(The data)
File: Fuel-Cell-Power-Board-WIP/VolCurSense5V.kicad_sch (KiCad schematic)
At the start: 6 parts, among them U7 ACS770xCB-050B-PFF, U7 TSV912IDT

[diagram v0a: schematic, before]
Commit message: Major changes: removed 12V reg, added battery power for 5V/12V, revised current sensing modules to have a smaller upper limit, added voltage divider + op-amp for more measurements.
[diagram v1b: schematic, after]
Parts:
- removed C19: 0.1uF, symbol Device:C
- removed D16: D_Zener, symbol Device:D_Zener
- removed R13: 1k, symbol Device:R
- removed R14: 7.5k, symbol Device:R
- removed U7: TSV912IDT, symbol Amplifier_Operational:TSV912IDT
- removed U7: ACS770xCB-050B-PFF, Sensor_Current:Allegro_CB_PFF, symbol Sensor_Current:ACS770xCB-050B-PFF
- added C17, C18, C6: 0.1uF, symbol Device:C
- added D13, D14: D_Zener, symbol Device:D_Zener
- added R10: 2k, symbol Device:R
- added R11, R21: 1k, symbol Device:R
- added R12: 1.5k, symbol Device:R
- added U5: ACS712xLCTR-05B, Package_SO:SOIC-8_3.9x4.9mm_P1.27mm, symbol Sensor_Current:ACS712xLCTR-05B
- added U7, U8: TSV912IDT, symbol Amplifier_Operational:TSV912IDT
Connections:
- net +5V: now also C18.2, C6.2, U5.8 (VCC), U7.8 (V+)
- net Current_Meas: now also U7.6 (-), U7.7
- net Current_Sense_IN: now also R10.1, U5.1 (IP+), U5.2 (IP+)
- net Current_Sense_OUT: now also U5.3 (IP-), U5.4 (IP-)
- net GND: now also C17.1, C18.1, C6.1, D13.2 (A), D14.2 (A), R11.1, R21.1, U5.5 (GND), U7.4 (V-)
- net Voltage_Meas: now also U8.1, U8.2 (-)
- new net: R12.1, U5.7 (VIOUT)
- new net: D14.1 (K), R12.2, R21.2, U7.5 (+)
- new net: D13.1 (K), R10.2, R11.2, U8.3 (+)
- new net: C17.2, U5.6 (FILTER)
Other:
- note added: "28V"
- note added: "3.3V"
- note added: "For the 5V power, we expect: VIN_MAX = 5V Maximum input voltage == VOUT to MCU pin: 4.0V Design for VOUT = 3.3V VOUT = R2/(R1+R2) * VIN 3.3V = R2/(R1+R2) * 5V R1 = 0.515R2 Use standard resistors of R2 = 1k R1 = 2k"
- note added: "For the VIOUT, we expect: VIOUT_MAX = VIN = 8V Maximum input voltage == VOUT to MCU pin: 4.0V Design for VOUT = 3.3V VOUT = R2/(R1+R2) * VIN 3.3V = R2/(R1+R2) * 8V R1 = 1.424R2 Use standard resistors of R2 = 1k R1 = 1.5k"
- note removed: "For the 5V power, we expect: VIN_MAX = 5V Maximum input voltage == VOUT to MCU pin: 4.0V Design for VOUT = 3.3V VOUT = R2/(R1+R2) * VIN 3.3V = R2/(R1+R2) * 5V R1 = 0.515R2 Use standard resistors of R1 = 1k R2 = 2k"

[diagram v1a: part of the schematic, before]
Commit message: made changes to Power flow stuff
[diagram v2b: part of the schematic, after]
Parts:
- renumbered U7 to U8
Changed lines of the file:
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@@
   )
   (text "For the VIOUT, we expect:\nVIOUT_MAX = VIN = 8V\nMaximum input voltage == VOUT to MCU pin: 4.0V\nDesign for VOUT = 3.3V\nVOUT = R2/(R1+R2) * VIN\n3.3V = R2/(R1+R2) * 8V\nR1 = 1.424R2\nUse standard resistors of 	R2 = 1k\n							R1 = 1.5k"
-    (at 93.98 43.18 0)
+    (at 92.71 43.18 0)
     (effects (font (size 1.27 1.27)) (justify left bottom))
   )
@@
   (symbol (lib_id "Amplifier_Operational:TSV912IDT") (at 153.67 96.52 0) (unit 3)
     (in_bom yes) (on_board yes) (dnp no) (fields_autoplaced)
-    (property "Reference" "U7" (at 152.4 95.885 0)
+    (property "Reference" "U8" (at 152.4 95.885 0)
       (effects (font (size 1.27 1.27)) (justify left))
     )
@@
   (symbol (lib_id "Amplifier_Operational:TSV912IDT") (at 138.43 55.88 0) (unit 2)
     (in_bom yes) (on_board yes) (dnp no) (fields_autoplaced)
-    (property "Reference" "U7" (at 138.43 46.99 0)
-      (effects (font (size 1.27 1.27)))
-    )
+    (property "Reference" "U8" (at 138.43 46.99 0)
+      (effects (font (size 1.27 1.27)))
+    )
(End The data)
▶ Exercise requirements:
Take each line above that holds the string "Commit" and copy it.

▶ Exercise output:
Commit message: Major changes: removed 12V reg, added battery power for 5V/12V, revised current sensing modules to have a smaller upper limit, added voltage divider + op-amp for more measurements.
Commit message: made changes to Power flow stuff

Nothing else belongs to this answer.